The giant drugmaker Takeda Pharmaceutical Co. has failed to secure federal approval to market its follow-up to the diabetes drug Actos. Takeda sought to sell its diabetes drug, called alogliptin, in the U.S., but the Food and Drug Administration has requested more information on the cardiovascular risks associated with this potentially dangerous pharmaceutical.
Federal regulators may be more cautious in approving Takeda’s newest diabetes drug because of the fallout from the drugmaker’s last product, Actos, which has been shown to drastically increase the likelihood that a patient will develop cardiovascular issues.
Actos was a blockbuster pharmaceutical for Takeda because it was thought to avoid the cardiovascular risks associated with Avandia, a competing drug.

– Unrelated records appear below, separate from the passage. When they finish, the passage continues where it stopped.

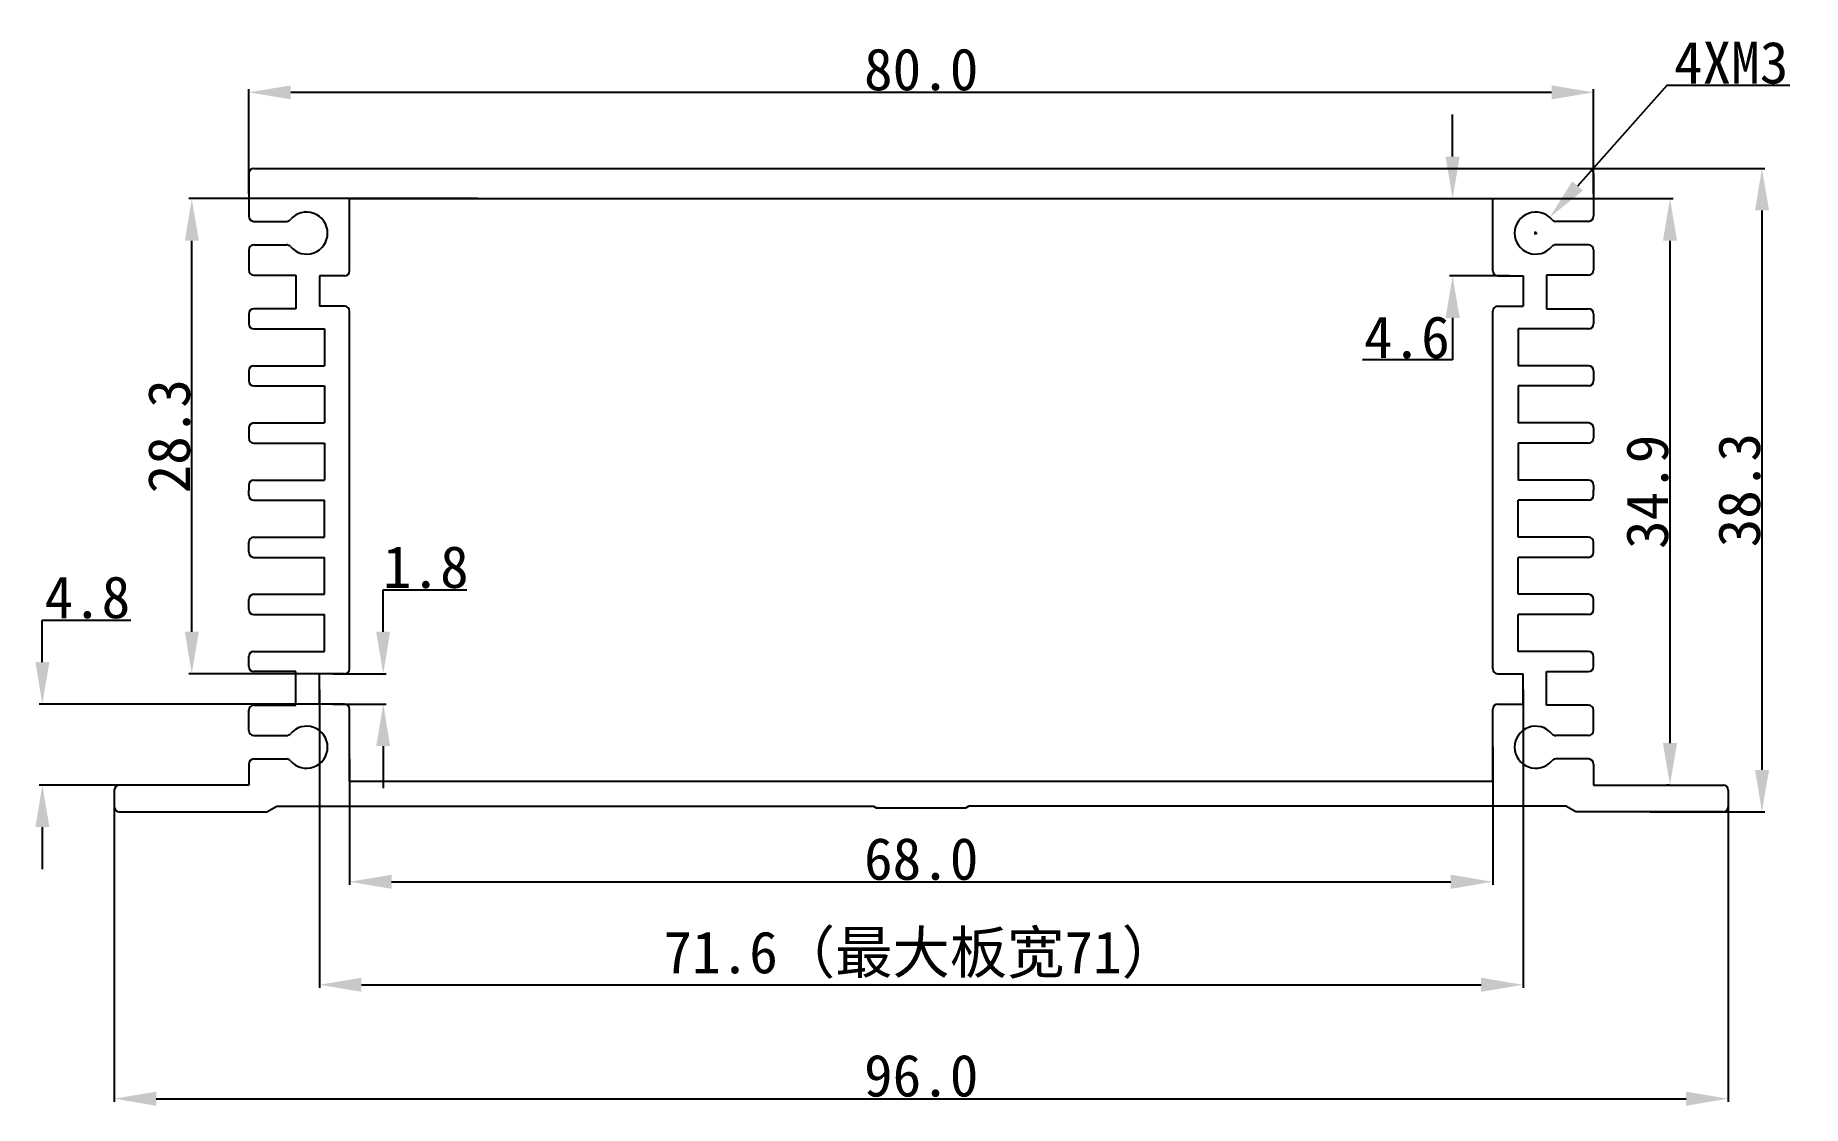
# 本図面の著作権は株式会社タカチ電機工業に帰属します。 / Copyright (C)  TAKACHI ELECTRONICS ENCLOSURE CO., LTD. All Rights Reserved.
# Model space of a CAD drawing. Header units: inches. Extents: x 17 to 122, y 1 to 65.
import ezdxf

# ---------------------------------------------------------------- set-up
doc = ezdxf.new("R2010")
doc.units = ezdxf.units.IN
doc.header["$MEASUREMENT"] = 0
doc.layers.get('Defpoints').update_dxf_attribs({"lineweight": 25})
doc.layers.add('1', color=30, linetype='Continuous')
doc.styles.get("Standard").update_dxf_attribs({"font": 'simhei.ttf'})
doc.dimstyles.get("Standard").update_dxf_attribs({"dimtxt": 2.5, "dimasz": 2.5, "dimexe": 0.18, "dimexo": 0.0625, "dimgap": 0.09, "dimtad": 1, "dimtoh": 1, "dimdec": 1, "dimzin": 0, "dimdsep": 46, "dimtxsty": 'Standard', "dimcen": 0.09, "dimadec": 0, "dimazin": 0, "dimtfac": 1, "dimtdec": 1, "dimtofl": 0, "dimtmove": 0, "dimatfit": 3, "dimfxl": 1, "dimtolj": 1, "dimtzin": 0, "dimarcsym": 0})

# ---------------------------------------------------------------- blocks, each defined once
blk = doc.blocks.new('*D58')
at = {"color": 0, "lineweight": -2}
for p, q in [((29.5, 55.46), (29.5, 61.69)), ((32, 61.51), (107, 61.51)), ((109.5, 55.46), (109.5, 61.69))]:
    blk.add_line(p, q, dxfattribs=at)
at = {"color": 0}
for points in [[(32, 61.92), (32, 61.09), (29.5, 61.51)], [(107, 61.92), (107, 61.09), (109.5, 61.51)]]:
    blk.add_solid(points, dxfattribs=at)
at = {"layer": 'Defpoints', "color": 0}
for p in [(109.5, 61.51), (29.5, 55.4), (109.5, 55.4)]:
    blk.add_point(p, dxfattribs=at)
at = {"color": 0, "insert": (69.5, 62.86), "char_height": 2.5, "attachment_point": 5}
blk.add_mtext('\\A1;80.0', dxfattribs=at)
blk = doc.blocks.new('*D59')
at = {"color": 0, "lineweight": -2}
for p, q in [((107.88, 56.98), (119.69, 56.98)), ((119.51, 54.48), (119.51, 21.18)), ((112.87, 18.68), (119.69, 18.68))]:
    blk.add_line(p, q, dxfattribs=at)
at = {"color": 0}
for points in [[(119.1, 54.48), (119.93, 54.48), (119.51, 56.98)], [(119.1, 21.18), (119.93, 21.18), (119.51, 18.68)]]:
    blk.add_solid(points, dxfattribs=at)
at = {"layer": 'Defpoints', "color": 0}
for p in [(107.81, 56.98), (112.81, 18.68), (119.51, 18.68)]:
    blk.add_point(p, dxfattribs=at)
at = {"color": 0, "insert": (118.17, 37.83), "char_height": 2.5, "attachment_point": 5, "rotation": 90}
blk.add_mtext('\\A1;38.3', dxfattribs=at)
blk = doc.blocks.new('*D60')
at = {"color": 0, "lineweight": -2}
for p, q in [((100.15, 55.18), (114.22, 55.18)), ((114.04, 52.68), (114.04, 22.78)), ((114.01, 20.28), (113.86, 20.28))]:
    blk.add_line(p, q, dxfattribs=at)
at = {"color": 0}
for points in [[(113.62, 52.68), (114.46, 52.68), (114.04, 55.18)], [(113.62, 22.78), (114.46, 22.78), (114.04, 20.28)]]:
    blk.add_solid(points, dxfattribs=at)
at = {"layer": 'Defpoints', "color": 0}
for p in [(100.09, 55.18), (114.04, 20.28), (114.08, 20.28)]:
    blk.add_point(p, dxfattribs=at)
at = {"color": 0, "insert": (112.7, 37.73), "char_height": 2.5, "attachment_point": 5, "rotation": 90}
blk.add_mtext('\\A1;34.9', dxfattribs=at)
blk = doc.blocks.new('*D61')
at = {"color": 0, "lineweight": -2}
for p, q in [((103.5, 22.58), (103.5, 14.34)), ((35.5, 21.83), (35.5, 14.34)), ((38, 14.52), (101, 14.52))]:
    blk.add_line(p, q, dxfattribs=at)
at = {"color": 0}
for points in [[(38, 14.94), (38, 14.1), (35.5, 14.52)], [(101, 14.94), (101, 14.1), (103.5, 14.52)]]:
    blk.add_solid(points, dxfattribs=at)
at = {"layer": 'Defpoints', "color": 0}
for p in [(103.5, 22.65), (35.5, 21.89), (103.5, 14.52)]:
    blk.add_point(p, dxfattribs=at)
at = {"color": 0, "insert": (69.5, 15.87), "char_height": 2.5, "attachment_point": 5}
blk.add_mtext('\\A1;68.0', dxfattribs=at)
blk = doc.blocks.new('*D62')
at = {"layer": '1', "color": 0, "lineweight": -2}
for p, q in [((33.7, 25.94), (33.7, 8.21)), ((105.3, 25.94), (105.3, 8.21)), ((36.2, 8.39), (102.8, 8.39))]:
    blk.add_line(p, q, dxfattribs=at)
at = {"layer": '1', "color": 0}
for points in [[(36.2, 8.81), (36.2, 7.97), (33.7, 8.39)], [(102.8, 8.81), (102.8, 7.97), (105.3, 8.39)]]:
    blk.add_solid(points, dxfattribs=at)
at = {"layer": 'Defpoints', "color": 0}
for p in [(33.7, 26), (105.3, 26), (105.3, 8.39)]:
    blk.add_point(p, dxfattribs=at)
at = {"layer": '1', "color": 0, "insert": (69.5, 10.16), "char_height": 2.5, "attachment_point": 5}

Subsequent studies uncovered that Actos also increased the risk of several potentially life-threatening cardiovascular conditions such as heart disease, heart failure and heart attacks.
Takeda recently came under further scrutiny after a wave of Actos users began developing liver cancer. It appears that the diabetes drug also significantly increases the risk of kidney cancer in longtime users and it is unclear whether Actos is safer than alternative treatments, given the severe side effects associated with this drug.
The drug alogliptin has been approved in Takeda’s home country of Japan and is sold under the name Nesina, but it is unclear whether the drug will ultimately be approved by the FDA for release in the United States.